Tuesday, August 28, 2012

Nonplussed by US election

I have to admit that I am watching with little interest the US election this time around, even though it would be more momentous in its consequences than any in the last couple of decades.  The thing is that watching it from Venezuela we must conclude that the US really does not care about what happens here.  True, they should, they lost what should have been their main ally South of the Border.  But no one ever accused the US policy makers of actually caring about what happens south of the border as long as the help is cheap and docile.  there were some heartfelt attempts, by Democratic presidents mostly.  But where are the traces today as Brazil and China have no problems growing their influence in the area?  Let's look at the recent record with Venezuela, with pre-apologies on gross simplifications.

Dem-Clinton. Chavez caught him at the end of his rule and wisely he deferred the solution to whomever came next. Still, in retrospective, had he invited Chavez to the White House he could have seduced him the way Castro did.  Or at least moderated him somewhat since the only thing Chavez ever wanted, besides play ball, was to have his picture taken in the Oval Office. Otherwise how can you explain this hatred against a country of which Chavez personally had nothing to complain of?

Rep-Bush. His idiotic adventure in Iraq has changed our world.  Had he stuck to Afghanistan only maybe he would have accomplished more.  In retrospective, we cannot tell whether the US invasion of Saddam's Iraq sped up or slowed down the Arab spring. The fact of the matter is that the US needed its secure oil supply and the Bush administration was only to happy to accept any insult from Chavez as long as Venezuelan oil kept finding its way North.  Even in the pseudo 2002 coup, the US alleged involvement was so diffident that it is almost as if they had wished Chavez to remain, least oil supplies would be perturbed.

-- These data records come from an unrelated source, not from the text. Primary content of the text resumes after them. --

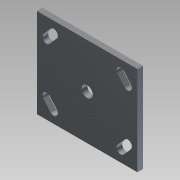
# Autodesk Inventor part: wheel mount plate
Saved by Autodesk Inventor 2013 (Build 170138000, 138)
## iProperties
Created: 2012-09-15
Part Number: wheel mount plate
Material: Generic
Document SubType Name: Modeling
Designer: Admin
Density: 1 g/cm^3
Author: Admin
Autodesk Inventor part; units mm, degrees
ref_plane "YZ Plane" through (0, 0, 0) normal (1, 0, 0) x (0, 1, 0)
ref_plane "XZ Plane" through (0, 0, 0) normal (0, 1, 0) x (-1, 0, 0)
ref_plane "XY Plane" through (0, 0, 0) normal (0, 0, 1) x (1, 0, 0)
sketch "Sketch1" plane through (0, 0, 0) normal (0, 0, 1) x (1, 0, 0)
  line L0 (0, 0) -> (-114.3, 0)
  line L1 (-114.3, 0) -> (-114.3, 101.6)
  line L2 (-114.3, 101.6) -> (0, 101.6)
  line L3 (0, 101.6) -> (0, 0)
  line L4 (0, 50.8) -> (0, 12.7)
  line L5 (0, 50.8) -> (0, 88.9)
  line L6 (-114.3, 50.8) -> (-114.3, 88.9)
  line L7 (-114.3, 50.8) -> (-114.3, 12.7)
  arc A0 (-92.4707, 85.033) -> (-98.8773, 91.9861) centre (-95.2491, 88.9011) ccw
  arc A1 (-15.4219, 91.9851) -> (-22.6777, 85.8144) centre (-19.05, 88.9) ccw
  arc A2 (-98.8781, 9.6149) -> (-91.6219, 15.7851) centre (-95.25, 12.7) ccw
  arc A3 (-22.6781, 15.7851) -> (-15.4219, 9.6149) centre (-19.05, 12.7) ccw
  line L8 (-57.15, 0) -> (-103.1875, 0)
  line L9 (-57.15, 0) -> (-11.1125, 0)
  line L10 (-57.15, 101.6) -> (-103.1875, 101.6)
  line L11 (-57.15, 101.6) -> (-11.1125, 101.6)
  arc A4 (-99.5594, 25.1196) -> (-106.8156, 18.9494) centre (-103.1875, 22.0345) ccw
  arc A5 (-7.4844, 18.9494) -> (-14.7406, 25.1196) centre (-11.1125, 22.0345) ccw
  arc A6 (-106.8154, 82.6503) -> (-99.5202, 76.5264) centre (-103.1872, 79.5653) ccw
  arc A7 (-14.7386, 76.4804) -> (-7.4832, 82.6517) centre (-11.1109, 79.5661) ccw
  line L12 (-90.9324, 86.8892) -> (-99.5202, 76.5264)
  line L13 (-106.8154, 82.6503) -> (-98.8773, 91.9861)
  line L14 (-15.4227, 91.9861) -> (-7.4832, 82.6517)
  line L15 (-14.7386, 76.4804) -> (-22.6777, 85.8144)
  line L16 (-14.7406, 25.1196) -> (-22.6781, 15.7851)
  line L17 (-15.4219, 9.6149) -> (-7.4844, 18.9494)
  line L18 (-99.5594, 25.1196) -> (-91.6219, 15.7851)
  line L19 (-106.8156, 18.9494) -> (-98.8781, 9.6149)
  dimension "d0" = 114.3
  dimension "d1" = 101.6
  dimension "d8" = 9.525
  dimension "d9" = 9.525
  dimension "d10" = 9.525
  dimension "d11" = 46.0375
  dimension "d14" = 46.0375
  dimension "d16" = 9.525
  dimension "d20" = 9.525
  dimension "d22" = 9.525
  constraints: 40 end point, 18 point on circle, 13 tangent, 10 point on line, 8 centre point, 4 midpoint, 2 perpendicular, 1 horizontal, 1 parallel
  measures "d0" distance of L0.start L0.end
  measures "d1" distance of L0.end L1.end
  measures "d8" diameter of A1
  measures "d9" diameter of A2
  measures "d10" diameter of A3
  measures "d11" distance of L8.start L8.end
  measures "d14" distance of L10.start L11.end
  measures "d16" diameter of A4
  measures "d20" diameter of A6
  measures "d22" diameter of A7
extrude "Extrusion1" add sketch "Sketch1" along normal blind 6.35
sketch "Sketch2" plane through (0, 0, 0) normal (0, 0, -1) x (-1, 0, 0)
  line L0 (0, 101.6) -> (114.3, 101.6) projected
  line L1 (0, 101.6) -> (57.15, 101.6)
  line L2 (57.15, 101.6) -> (57.15, 50.8)
  circle A0 centre (57.15, 50.8) radius 6.35
  dimension "d25" = 12.7
  constraints: 4 end point, 1 centre point, 1 coincident, 1 midpoint, 1 perpendicular
  measures "d25" diameter of A0
extrude "Extrusion2" cut sketch "Sketch2" against normal blind 6.35
body "Solid1"

Dem-Obama. Besides his forced upon hand shake with Chavez Obama has studiously avoided further contact.  His policy was rather successful in treating Chavez as a non entity, the more so that Chavez errors finally started catching up with him. In fact, to his credit Obama's administration has encouraged a diminution of oil imports from Venezuela. We do not know whether it was due to Venezuela being a less reliable oil producer of natural antipathy, but regardless of the reason it was a wise move. Then again Obama blew it by declaring that Chavez is not a threat even though all the evidence is to the contrary, from Venezuelan having become a narco state to its support of FARC guerrilla and other assorted "insurgency" here and there. Never mind its alliance with Iran!

Rep-Romney? I put a question mark because if Obama is reelected we know that nothing will happen vis a vis Venezuela. A H. Clinton presidency could have been more dynamic on this respect. So, what has Romney said?  Nothing convincing, nothing that shows he is truly informed, nothing that indicates a plan, all for strict electoral purposes. That the republicans are not as informed as one would wish them to be can be reminded to us regularly when we read idiotic declarations like the ones of Jon Voight, comparable only to the idiotic ones of the likes of Sean Penn. Of course, one thing is the campaign, another who Romney would appoint at State.

So you will forgive me if I am skeptic about any future role of the US in Venezuela, for good or bad, and if I am sitting this one out.  Though watching recent Republican positions on abortion and gay rights I have to consider that an Obama reelection is probably the lesser evil as far as Venezuela is concerned. At least under Obama it would be easier for me to find a political refugee status in the US....  Not that I need it, mind you, I have a EU passport.  Just talking.....

Hat tip Juan Nagel

Actor Jon Voight says Obama controls US media just like Chávez does in Venezuela. Um, not quite. 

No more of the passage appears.